Young Granddad: We all been watchin' the same news. I just assumed we'd all wear our raincoat.
Activist: Dammit, Robert. Who the hell shows up to a march with a mutha f*ckin' raincoat?
Young Granddad: Bet you wish you had your raincoat right now.
Activist: You son of a--

Granddad: So I understand you just got back from Iraq?
Riley: Fo' real? Yo, what was it like?
Ed III: What was it like? What I'm 'possed to say to that. It was cool? There was bitches? Okay, there was bitches, but a lot of them was covered up in them curtains and sh*t. But I digress. It was war. It was war basically. It was war. You know what that's like? Mu' f*cka, its like shootin' ka-ka-ka-ka-ka-ka-ka-ka! Bombs blowin' up. And you know that sh*t scary. It scared the sh*t out of me. Matta fact, I sh*tted on myself over a dozen times, and ran out of toilet paper after the second time. So you know what that meant, right? I had to use the thumb. It was kinda nasty. But the good thing was that they stopped taking me out on missions because my name became "Stink-Bomb." You know, they said I was giving away our position 'cause of the sh*t smell. That was fine with me.

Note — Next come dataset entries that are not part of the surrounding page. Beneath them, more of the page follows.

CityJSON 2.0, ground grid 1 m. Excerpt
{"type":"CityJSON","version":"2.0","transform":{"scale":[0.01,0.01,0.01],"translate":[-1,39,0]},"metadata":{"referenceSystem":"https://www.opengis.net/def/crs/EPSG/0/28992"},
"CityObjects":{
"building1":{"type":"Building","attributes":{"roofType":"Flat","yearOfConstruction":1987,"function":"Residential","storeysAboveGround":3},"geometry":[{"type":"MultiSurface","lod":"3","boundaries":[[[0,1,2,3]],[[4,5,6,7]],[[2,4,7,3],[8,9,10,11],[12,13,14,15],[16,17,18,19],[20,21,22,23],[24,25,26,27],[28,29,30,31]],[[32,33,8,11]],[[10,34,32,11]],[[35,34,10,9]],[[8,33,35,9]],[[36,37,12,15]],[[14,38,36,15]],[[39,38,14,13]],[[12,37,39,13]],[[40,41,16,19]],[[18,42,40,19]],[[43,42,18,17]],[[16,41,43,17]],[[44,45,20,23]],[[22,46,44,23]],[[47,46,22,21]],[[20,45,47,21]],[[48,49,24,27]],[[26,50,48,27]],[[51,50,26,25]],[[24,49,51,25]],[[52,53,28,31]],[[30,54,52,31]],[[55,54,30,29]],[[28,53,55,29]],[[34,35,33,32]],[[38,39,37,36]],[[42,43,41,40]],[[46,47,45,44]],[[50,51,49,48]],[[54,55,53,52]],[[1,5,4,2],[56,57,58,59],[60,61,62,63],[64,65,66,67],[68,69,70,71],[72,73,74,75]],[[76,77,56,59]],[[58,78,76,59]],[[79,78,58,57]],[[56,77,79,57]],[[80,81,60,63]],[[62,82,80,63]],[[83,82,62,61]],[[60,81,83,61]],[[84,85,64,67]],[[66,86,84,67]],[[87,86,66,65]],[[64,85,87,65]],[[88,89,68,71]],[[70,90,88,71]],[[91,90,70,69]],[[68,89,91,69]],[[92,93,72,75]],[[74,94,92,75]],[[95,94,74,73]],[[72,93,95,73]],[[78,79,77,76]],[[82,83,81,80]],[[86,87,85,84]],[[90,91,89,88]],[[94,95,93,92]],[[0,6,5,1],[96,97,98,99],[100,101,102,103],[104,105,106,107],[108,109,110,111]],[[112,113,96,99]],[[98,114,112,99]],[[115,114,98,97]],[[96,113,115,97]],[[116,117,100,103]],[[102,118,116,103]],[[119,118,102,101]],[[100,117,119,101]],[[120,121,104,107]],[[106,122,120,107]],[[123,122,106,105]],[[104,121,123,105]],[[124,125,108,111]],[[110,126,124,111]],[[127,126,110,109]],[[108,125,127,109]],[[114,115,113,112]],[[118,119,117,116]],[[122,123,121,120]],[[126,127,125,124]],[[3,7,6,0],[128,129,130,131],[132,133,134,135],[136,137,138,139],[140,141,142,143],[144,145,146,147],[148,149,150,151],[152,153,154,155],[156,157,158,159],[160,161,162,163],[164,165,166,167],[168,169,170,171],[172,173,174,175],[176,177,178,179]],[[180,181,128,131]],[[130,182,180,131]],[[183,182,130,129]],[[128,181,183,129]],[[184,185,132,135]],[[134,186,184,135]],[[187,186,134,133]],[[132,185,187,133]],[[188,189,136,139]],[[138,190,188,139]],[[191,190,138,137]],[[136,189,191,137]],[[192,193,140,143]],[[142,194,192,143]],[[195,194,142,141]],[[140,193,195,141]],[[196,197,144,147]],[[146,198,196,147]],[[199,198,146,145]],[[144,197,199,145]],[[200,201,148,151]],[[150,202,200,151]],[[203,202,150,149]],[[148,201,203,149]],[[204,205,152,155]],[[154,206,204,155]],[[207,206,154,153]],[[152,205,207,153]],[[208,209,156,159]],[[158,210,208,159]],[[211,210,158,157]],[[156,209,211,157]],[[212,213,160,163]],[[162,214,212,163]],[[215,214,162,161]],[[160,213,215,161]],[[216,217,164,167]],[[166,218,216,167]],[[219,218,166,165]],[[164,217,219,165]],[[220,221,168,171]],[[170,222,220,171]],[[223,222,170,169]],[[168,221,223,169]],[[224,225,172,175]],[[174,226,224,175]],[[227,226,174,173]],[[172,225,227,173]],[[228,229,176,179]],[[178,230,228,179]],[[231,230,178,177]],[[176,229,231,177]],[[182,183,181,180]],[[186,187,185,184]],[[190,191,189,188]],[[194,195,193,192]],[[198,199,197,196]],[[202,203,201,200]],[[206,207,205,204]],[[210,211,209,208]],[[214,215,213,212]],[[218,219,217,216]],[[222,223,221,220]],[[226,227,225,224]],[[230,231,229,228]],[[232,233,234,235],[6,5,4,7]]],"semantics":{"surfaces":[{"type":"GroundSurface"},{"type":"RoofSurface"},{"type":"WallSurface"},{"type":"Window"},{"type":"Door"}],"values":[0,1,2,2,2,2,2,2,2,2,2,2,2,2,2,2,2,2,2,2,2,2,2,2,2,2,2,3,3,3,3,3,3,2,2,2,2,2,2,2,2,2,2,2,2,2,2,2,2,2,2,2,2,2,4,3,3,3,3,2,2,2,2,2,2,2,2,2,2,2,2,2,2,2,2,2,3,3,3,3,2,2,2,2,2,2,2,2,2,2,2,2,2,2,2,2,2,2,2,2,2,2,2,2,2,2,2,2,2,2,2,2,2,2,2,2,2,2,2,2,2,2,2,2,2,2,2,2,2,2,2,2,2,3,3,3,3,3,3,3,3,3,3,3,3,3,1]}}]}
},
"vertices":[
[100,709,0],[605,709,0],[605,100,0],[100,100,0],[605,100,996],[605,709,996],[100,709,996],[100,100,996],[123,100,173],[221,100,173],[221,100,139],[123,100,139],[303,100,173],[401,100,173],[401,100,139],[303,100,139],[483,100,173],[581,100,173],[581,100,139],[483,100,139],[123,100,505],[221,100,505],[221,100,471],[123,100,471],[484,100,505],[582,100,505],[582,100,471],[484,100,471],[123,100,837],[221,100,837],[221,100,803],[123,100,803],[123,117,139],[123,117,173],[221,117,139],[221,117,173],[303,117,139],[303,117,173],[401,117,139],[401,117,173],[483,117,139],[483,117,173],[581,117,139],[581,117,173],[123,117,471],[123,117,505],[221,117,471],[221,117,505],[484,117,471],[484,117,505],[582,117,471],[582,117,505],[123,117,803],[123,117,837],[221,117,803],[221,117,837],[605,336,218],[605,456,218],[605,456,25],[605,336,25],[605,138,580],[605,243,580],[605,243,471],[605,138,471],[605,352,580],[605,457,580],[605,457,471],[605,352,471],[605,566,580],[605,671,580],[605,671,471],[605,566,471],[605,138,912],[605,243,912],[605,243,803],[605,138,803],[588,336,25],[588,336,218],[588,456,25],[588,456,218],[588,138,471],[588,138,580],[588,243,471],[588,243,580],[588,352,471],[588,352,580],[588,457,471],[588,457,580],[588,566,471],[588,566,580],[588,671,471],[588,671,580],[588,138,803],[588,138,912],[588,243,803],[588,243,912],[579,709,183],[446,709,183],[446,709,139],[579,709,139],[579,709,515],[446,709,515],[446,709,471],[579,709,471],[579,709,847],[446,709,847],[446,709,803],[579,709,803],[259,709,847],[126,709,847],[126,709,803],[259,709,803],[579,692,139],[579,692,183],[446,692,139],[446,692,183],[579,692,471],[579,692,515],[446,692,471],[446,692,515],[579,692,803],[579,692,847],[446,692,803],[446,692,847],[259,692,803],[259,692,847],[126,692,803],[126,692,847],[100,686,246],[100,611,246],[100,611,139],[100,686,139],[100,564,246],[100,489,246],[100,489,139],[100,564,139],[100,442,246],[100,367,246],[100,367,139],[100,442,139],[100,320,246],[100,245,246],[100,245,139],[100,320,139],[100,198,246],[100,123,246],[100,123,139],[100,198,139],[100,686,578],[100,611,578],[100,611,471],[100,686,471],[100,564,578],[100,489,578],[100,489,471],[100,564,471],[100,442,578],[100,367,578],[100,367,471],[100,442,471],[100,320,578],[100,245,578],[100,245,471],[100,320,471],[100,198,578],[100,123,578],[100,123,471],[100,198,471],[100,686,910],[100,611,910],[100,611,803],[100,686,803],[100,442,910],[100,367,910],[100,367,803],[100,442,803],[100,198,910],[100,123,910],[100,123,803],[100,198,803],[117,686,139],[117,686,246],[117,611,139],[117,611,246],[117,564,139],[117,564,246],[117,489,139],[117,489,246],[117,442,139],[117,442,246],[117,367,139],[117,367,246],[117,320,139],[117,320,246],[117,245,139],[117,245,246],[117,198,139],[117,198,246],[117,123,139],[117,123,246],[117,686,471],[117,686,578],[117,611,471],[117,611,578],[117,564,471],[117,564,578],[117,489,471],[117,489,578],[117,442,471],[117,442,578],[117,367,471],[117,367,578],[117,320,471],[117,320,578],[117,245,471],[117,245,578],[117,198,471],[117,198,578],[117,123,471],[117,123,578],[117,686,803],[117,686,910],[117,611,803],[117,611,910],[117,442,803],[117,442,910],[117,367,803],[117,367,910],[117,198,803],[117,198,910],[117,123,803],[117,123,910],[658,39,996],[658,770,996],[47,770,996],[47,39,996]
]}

Th-they wanted to leave me back, and I was like f*ck ya'll! I don't need ya'll anyway! I'm rich, bitch! 'The f*ck ya'll lookin' at?!

Ed Wuncler: Look at the look on that guy's face. Looks like he jacks-off with Icy-Hot!
(Granddad and Ed Wuncler laugh)

Uncle Ruckus: Hello, this is Uncle Ruckus, no relation. I'd like to sing ya'll a song I just wrote called "Don't Let Them New Niggas Over There." Sing along if you know the words.

White Woman: (whispering) I think the n-word is okay as long as they say it.
(begins clapping, then the rest of the crowd joins her)

Ed Wuncler: In thirty years, my grandson will be the president of the United States. . .and he'll still be a f*ckin' idiot.

Riley: I know about white people, too. When they talk, they say the whooollleeeee wooooorrrdddd, lllliiikkkkee thisss.

Cultural References
Ed Wuncler III is a spoof of President Bush being young, rich, and getting back from war. His grandfather even says he'll be president some day.

Ed III: I'm rich, bitch!

This is reference to The Chappelle Show, in which Dave Chappelle plays Rick James, and says that very line, and Charlie Murphy, the voice of Ed III, plays himself in a re-enactment of Charlie's experience with Rick James.

Riley: Say hello to my little friend!

This is a famous line from the movie Scarface.